Finding the surface area of $G=\{(x,y,z):x^2+y^2\leq 1,0\leq z\leq x+1\}$ 
Let $G=\{(x,y,z):x^2+y^2\leq 1,0\leq z\leq x+1\}$ find the surface area of $\partial G$

So it is a cylinder of radius $1$ bounded on the z-axis by $0$ and $x+1$. Can I say that because the maximum value of $x$ is $1$ then $z\in[0,2]$
So we have $\phi(u,r)=( \cos(u), \sin(u), r)$ so $\|\phi_u\times \phi_r\|=1$
So we have $\int_0^2\int_0^{2\pi}dudr=4\pi$?
 A: First of all the surface isn't a "cylinder". In fact it's a part of a cylidner, where the upper and lower bound aren't parallel planes.

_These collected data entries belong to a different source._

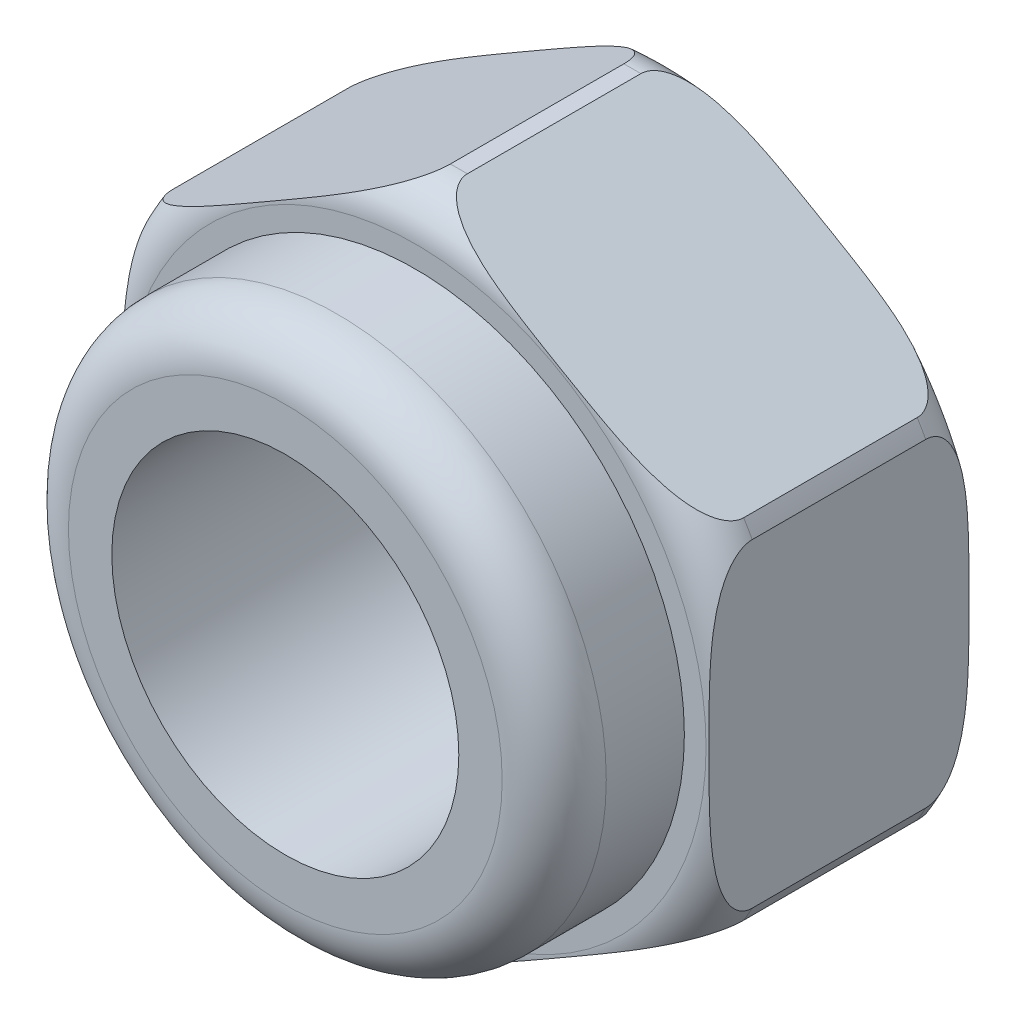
ISO-10303-21;
HEADER;
FILE_DESCRIPTION(('STEP AP214'),'2;1');
FILE_NAME('part.step','',(''),(''),'','','');
FILE_SCHEMA(('AUTOMOTIVE_DESIGN { 1 0 10303 214 1 1 1 1 }'));
ENDSEC;
DATA;
#1=APPLICATION_CONTEXT('core data for automotive mechanical design processes');
#2=APPLICATION_PROTOCOL_DEFINITION('international standard','automotive_design',2000,#1);
#3=PRODUCT_CONTEXT('',#1,'mechanical');
#4=PRODUCT('Part','Part','',(#3));
#5=PRODUCT_RELATED_PRODUCT_CATEGORY('part','',(#4));
#6=PRODUCT_DEFINITION_FORMATION('','',#4);
#7=PRODUCT_DEFINITION_CONTEXT('part definition',#1,'design');
#8=PRODUCT_DEFINITION('design','',#6,#7);
#9=PRODUCT_DEFINITION_SHAPE('','',#8);
#10=(LENGTH_UNIT() NAMED_UNIT(*) SI_UNIT(.MILLI.,.METRE.));
#11=(NAMED_UNIT(*) PLANE_ANGLE_UNIT() SI_UNIT($,.RADIAN.));
#12=(NAMED_UNIT(*) SI_UNIT($,.STERADIAN.) SOLID_ANGLE_UNIT());
#13=UNCERTAINTY_MEASURE_WITH_UNIT(LENGTH_MEASURE(1.E-05),#10,'distance_accuracy_value','');
#14=(GEOMETRIC_REPRESENTATION_CONTEXT(3) GLOBAL_UNCERTAINTY_ASSIGNED_CONTEXT((#13)) GLOBAL_UNIT_ASSIGNED_CONTEXT((#10,
#11,#12)) REPRESENTATION_CONTEXT('',''));
#15=CARTESIAN_POINT('',(0.,0.,0.));
#16=DIRECTION('',(0.,0.,1.));
#17=DIRECTION('',(1.,0.,0.));
#18=AXIS2_PLACEMENT_3D('',#15,#16,#17);
#19=CARTESIAN_POINT('',(0.,0.,3.));
#20=DIRECTION('',(0.,0.,1.));
#21=DIRECTION('',(1.,0.,0.));
#22=AXIS2_PLACEMENT_3D('',#19,#20,#21);
#23=PLANE('',#22);
#24=CARTESIAN_POINT('',(0.,0.,3.));
#25=DIRECTION('',(0.,0.,1.));
#26=DIRECTION('',(1.,0.,0.));
#27=AXIS2_PLACEMENT_3D('',#24,#25,#26);
#28=CIRCLE('',#27,3.35);
#29=CARTESIAN_POINT('',(3.35,0.,3.));
#30=VERTEX_POINT('',#29);
#31=EDGE_CURVE('E138',#30,#30,#28,.T.);
#32=ORIENTED_EDGE('',*,*,#31,.T.);
#33=EDGE_LOOP('',(#32));
#34=FACE_BOUND('',#33,.T.);
#35=CARTESIAN_POINT('',(0.,0.,3.));
#36=DIRECTION('',(0.,0.,1.));
#37=DIRECTION('',(1.,0.,0.));
#38=AXIS2_PLACEMENT_3D('',#35,#36,#37);
#39=CIRCLE('',#38,3.1);
#40=CARTESIAN_POINT('',(3.1,0.,3.));
#41=VERTEX_POINT('',#40);
#42=EDGE_CURVE('E508',#41,#41,#39,.T.);
#43=ORIENTED_EDGE('',*,*,#42,.F.);
#44=EDGE_LOOP('',(#43));
#45=FACE_BOUND('',#44,.T.);
#46=ADVANCED_FACE('F38',(#34,#45),#23,.T.);
#47=CARTESIAN_POINT('',(0.,0.,3.));
#48=DIRECTION('',(0.,0.,-1.));
#49=DIRECTION('',(-1.,0.,0.));
#50=AXIS2_PLACEMENT_3D('',#47,#48,#49);
#51=CYLINDRICAL_SURFACE('',#50,3.85);
#52=DIRECTION('',(0.,0.,-1.));
#53=VECTOR('',#52,1.);
#54=CARTESIAN_POINT('',(-0.0979610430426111,3.84875351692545,3.));
#55=LINE('',#54,#53);
#56=CARTESIAN_POINT('',(-0.0979610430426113,3.84875351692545,2.5));
#57=VERTEX_POINT('',#56);
#58=CARTESIAN_POINT('',(-0.0979610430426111,3.84875351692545,0.5));
#59=VERTEX_POINT('',#58);
#60=EDGE_CURVE('E371',#57,#59,#55,.T.);
#61=ORIENTED_EDGE('',*,*,#60,.F.);
#62=CARTESIAN_POINT('',(0.,0.,2.5));
#63=DIRECTION('',(0.,0.,1.));
#64=DIRECTION('',(1.,0.,0.));
#65=AXIS2_PLACEMENT_3D('',#62,#63,#64);
#66=CIRCLE('',#65,3.85);
#67=CARTESIAN_POINT('',(0.097961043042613,3.84875351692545,2.5));
#68=VERTEX_POINT('',#67);
#69=EDGE_CURVE('E155',#57,#68,#66,.F.);
#70=ORIENTED_EDGE('',*,*,#69,.T.);
#71=DIRECTION('',(0.,0.,-1.));
#72=VECTOR('',#71,1.);
#73=CARTESIAN_POINT('',(0.097961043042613,3.84875351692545,3.));
#74=LINE('',#73,#72);
#75=CARTESIAN_POINT('',(0.097961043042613,3.84875351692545,0.5));
#76=VERTEX_POINT('',#75);
#77=EDGE_CURVE('E61',#76,#68,#74,.F.);
#78=ORIENTED_EDGE('',*,*,#77,.F.);
#79=CARTESIAN_POINT('',(0.,0.,0.5));
#80=DIRECTION('',(0.,0.,1.));
#81=DIRECTION('',(1.,0.,0.));
#82=AXIS2_PLACEMENT_3D('',#79,#80,#81);
#83=CIRCLE('',#82,3.85);
#84=EDGE_CURVE('E176',#76,#59,#83,.T.);
#85=ORIENTED_EDGE('',*,*,#84,.T.);
#86=EDGE_LOOP('',(#61,#70,#78,#85));
#87=FACE_BOUND('',#86,.T.);
#88=ADVANCED_FACE('F292',(#87),#51,.T.);
#89=DIRECTION('',(0.,0.,-1.));
#90=VECTOR('',#89,1.);
#91=CARTESIAN_POINT('',(-3.28413779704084,2.00921351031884,3.));
#92=LINE('',#91,#90);
#93=CARTESIAN_POINT('',(-3.28413779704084,2.00921351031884,0.5));
#94=VERTEX_POINT('',#93);
#95=CARTESIAN_POINT('',(-3.28413779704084,2.00921351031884,2.5));
#96=VERTEX_POINT('',#95);
#97=EDGE_CURVE('E248',#94,#96,#92,.F.);
#98=ORIENTED_EDGE('',*,*,#97,.F.);
#99=CARTESIAN_POINT('',(-3.38209884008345,1.83954000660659,0.5));
#100=VERTEX_POINT('',#99);
#101=EDGE_CURVE('E147',#94,#100,#83,.T.);
#102=ORIENTED_EDGE('',*,*,#101,.T.);
#103=DIRECTION('',(0.,0.,-1.));
#104=VECTOR('',#103,1.);
#105=CARTESIAN_POINT('',(-3.38209884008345,1.83954000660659,3.));
#106=LINE('',#105,#104);
#107=CARTESIAN_POINT('',(-3.38209884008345,1.83954000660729,2.49999999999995));
#108=VERTEX_POINT('',#107);
#109=EDGE_CURVE('E129',#108,#100,#106,.T.);
#110=ORIENTED_EDGE('',*,*,#109,.F.);
#111=EDGE_CURVE('E145',#108,#96,#66,.F.);
#112=ORIENTED_EDGE('',*,*,#111,.T.);
#113=EDGE_LOOP('',(#98,#102,#110,#112));
#114=FACE_BOUND('',#113,.T.);
#115=ADVANCED_FACE('F144',(#114),#51,.T.);
#116=DIRECTION('',(0.,0.,-1.));
#117=VECTOR('',#116,1.);
#118=CARTESIAN_POINT('',(3.28413779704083,2.00921351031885,3.));
#119=LINE('',#118,#117);
#120=CARTESIAN_POINT('',(3.28413779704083,2.00921351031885,2.5));
#121=VERTEX_POINT('',#120);
#122=CARTESIAN_POINT('',(3.28413779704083,2.00921351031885,0.5));
#123=VERTEX_POINT('',#122);
#124=EDGE_CURVE('E249',#121,#123,#119,.T.);
#125=ORIENTED_EDGE('',*,*,#124,.F.);
#126=CARTESIAN_POINT('',(3.38209884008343,1.83954000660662,2.5));
#127=VERTEX_POINT('',#126);
#128=EDGE_CURVE('E159',#121,#127,#66,.F.);
#129=ORIENTED_EDGE('',*,*,#128,.T.);
#130=DIRECTION('',(0.,0.,-1.));
#131=VECTOR('',#130,1.);
#132=CARTESIAN_POINT('',(3.38209884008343,1.83954000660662,3.));
#133=LINE('',#132,#131);
#134=CARTESIAN_POINT('',(3.38209884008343,1.83954000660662,0.5));
#135=VERTEX_POINT('',#134);
#136=EDGE_CURVE('E53',#135,#127,#133,.F.);
#137=ORIENTED_EDGE('',*,*,#136,.F.);
#138=EDGE_CURVE('E172',#135,#123,#83,.T.);
#139=ORIENTED_EDGE('',*,*,#138,.T.);
#140=EDGE_LOOP('',(#125,#129,#137,#139));
#141=FACE_BOUND('',#140,.T.);
#142=ADVANCED_FACE('F360',(#141),#51,.T.);
#143=DIRECTION('',(0.,0.,-1.));
#144=VECTOR('',#143,1.);
#145=CARTESIAN_POINT('',(3.38209884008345,-1.83954000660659,3.));
#146=LINE('',#145,#144);
#147=CARTESIAN_POINT('',(3.38209884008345,-1.83954000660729,2.49999999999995));
#148=VERTEX_POINT('',#147);
#149=CARTESIAN_POINT('',(3.38209884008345,-1.83954000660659,0.5));
#150=VERTEX_POINT('',#149);
#151=EDGE_CURVE('E338',#148,#150,#146,.T.);
#152=ORIENTED_EDGE('',*,*,#151,.F.);
#153=CARTESIAN_POINT('',(3.28413779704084,-2.00921351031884,2.5));
#154=VERTEX_POINT('',#153);
#155=EDGE_CURVE('E160',#148,#154,#66,.F.);
#156=ORIENTED_EDGE('',*,*,#155,.T.);
#157=DIRECTION('',(0.,0.,-1.));
#158=VECTOR('',#157,1.);
#159=CARTESIAN_POINT('',(3.28413779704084,-2.00921351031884,3.));
#160=LINE('',#159,#158);
#161=CARTESIAN_POINT('',(3.28413779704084,-2.00921351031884,0.5));
#162=VERTEX_POINT('',#161);
#163=EDGE_CURVE('E340',#162,#154,#160,.F.);
#164=ORIENTED_EDGE('',*,*,#163,.F.);
#165=EDGE_CURVE('E164',#162,#150,#83,.T.);
#166=ORIENTED_EDGE('',*,*,#165,.T.);
#167=EDGE_LOOP('',(#152,#156,#164,#166));
#168=FACE_BOUND('',#167,.T.);
#169=ADVANCED_FACE('F337',(#168),#51,.T.);
#170=DIRECTION('',(0.,0.,-1.));
#171=VECTOR('',#170,1.);
#172=CARTESIAN_POINT('',(0.0979610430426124,-3.84875351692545,3.));
#173=LINE('',#172,#171);
#174=CARTESIAN_POINT('',(0.0979610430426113,-3.84875351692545,2.5));
#175=VERTEX_POINT('',#174);
#176=CARTESIAN_POINT('',(0.0979610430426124,-3.84875351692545,0.5));
#177=VERTEX_POINT('',#176);
#178=EDGE_CURVE('E344',#175,#177,#173,.T.);
#179=ORIENTED_EDGE('',*,*,#178,.F.);
#180=CARTESIAN_POINT('',(-0.097961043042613,-3.84875351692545,2.5));
#181=VERTEX_POINT('',#180);
#182=EDGE_CURVE('E157',#175,#181,#66,.F.);
#183=ORIENTED_EDGE('',*,*,#182,.T.);
#184=DIRECTION('',(0.,0.,-1.));
#185=VECTOR('',#184,1.);
#186=CARTESIAN_POINT('',(-0.0979610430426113,-3.84875351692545,3.));
#187=LINE('',#186,#185);
#188=CARTESIAN_POINT('',(-0.0979610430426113,-3.84875351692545,0.5));
#189=VERTEX_POINT('',#188);
#190=EDGE_CURVE('E204',#189,#181,#187,.F.);
#191=ORIENTED_EDGE('',*,*,#190,.F.);
#192=EDGE_CURVE('E324',#189,#177,#83,.T.);
#193=ORIENTED_EDGE('',*,*,#192,.T.);
#194=EDGE_LOOP('',(#179,#183,#191,#193));
#195=FACE_BOUND('',#194,.T.);
#196=ADVANCED_FACE('F354',(#195),#51,.T.);
#197=DIRECTION('',(0.,0.,-1.));
#198=VECTOR('',#197,1.);
#199=CARTESIAN_POINT('',(-3.28413779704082,-2.00921351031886,3.));
#200=LINE('',#199,#198);
#201=CARTESIAN_POINT('',(-3.28413779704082,-2.00921351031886,2.5));
#202=VERTEX_POINT('',#201);
#203=CARTESIAN_POINT('',(-3.28413779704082,-2.00921351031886,0.5));
#204=VERTEX_POINT('',#203);
#205=EDGE_CURVE('E348',#202,#204,#200,.T.);
#206=ORIENTED_EDGE('',*,*,#205,.F.);
#207=CARTESIAN_POINT('',(-3.38209884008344,-1.83954000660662,2.5));
#208=VERTEX_POINT('',#207);
#209=EDGE_CURVE('E154',#202,#208,#66,.F.);
#210=ORIENTED_EDGE('',*,*,#209,.T.);
#211=DIRECTION('',(0.,0.,-1.));
#212=VECTOR('',#211,1.);
#213=CARTESIAN_POINT('',(-3.38209884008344,-1.83954000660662,3.));
#214=LINE('',#213,#212);
#215=CARTESIAN_POINT('',(-3.38209884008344,-1.83954000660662,0.5));
#216=VERTEX_POINT('',#215);
#217=EDGE_CURVE('E132',#216,#208,#214,.F.);
#218=ORIENTED_EDGE('',*,*,#217,.F.);
#219=EDGE_CURVE('E322',#216,#204,#83,.T.);
#220=ORIENTED_EDGE('',*,*,#219,.T.);
#221=EDGE_LOOP('',(#206,#210,#218,#220));
#222=FACE_BOUND('',#221,.T.);
#223=ADVANCED_FACE('F211',(#222),#51,.T.);
#224=CARTESIAN_POINT('',(0.,0.,0.5));
#225=DIRECTION('',(0.,0.,1.));
#226=DIRECTION('',(1.,0.,0.));
#227=AXIS2_PLACEMENT_3D('',#224,#225,#226);
#228=TOROIDAL_SURFACE('',#227,3.35,0.5);
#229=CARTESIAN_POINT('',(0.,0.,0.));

Anyway the idea to use polar coordinates is OK. For the side surface you can define the change of variable $(x,y,z) \to (\cos \theta, \sin \theta, z)$ and the magnitude of normal vector would be $1$. Hence the side surface is given by:
$$\int_0^{2\pi} \int_0^{\cos \theta + 1}dzd\theta = \int_0^{2\pi} (\cos \theta + 1) d\theta = \sin \theta + \theta \; \Bigg|_0^{2\pi} = 2\pi$$
Now you need to find the areas of the bottom and the top surface. The bottom surface is just a circle and the area would be $\pi$. On the other side the top can be parametrized by $(x,y,z) \to (r \cos \theta, r \sin \theta, r \cos \theta + 1)$. The magnitude of the normal vector would be $r\sqrt{2}$. Finally the surface is given by
$$\int_0^1\int_0^{2\pi}r\sqrt{2}d\theta dr = 2\pi \int_0^1 r\sqrt{2}dr = \sqrt{2}\pi$$
Finally adding all the values gives us that the total surface would be $(3 + \sqrt{2})\pi$
A: The shape is a cylinder of radius $1$ and height $2$, cut in half diagonally.  The bottom is a circle of radius $1$, so that contributes area $\pi r^2 =\pi$.  The lateral area of the whole cylinder is $2\pi r h = 4\pi$, so the lateral area of the cut cylinder is $2\pi.$  The top is an ellipse with major semi-axis $\sqrt{2}$ and minor semi-axis $1$.  So its area is $\pi ab =\pi\sqrt{2}.$
All together that's $\pi\left(3+\sqrt{2}\right).$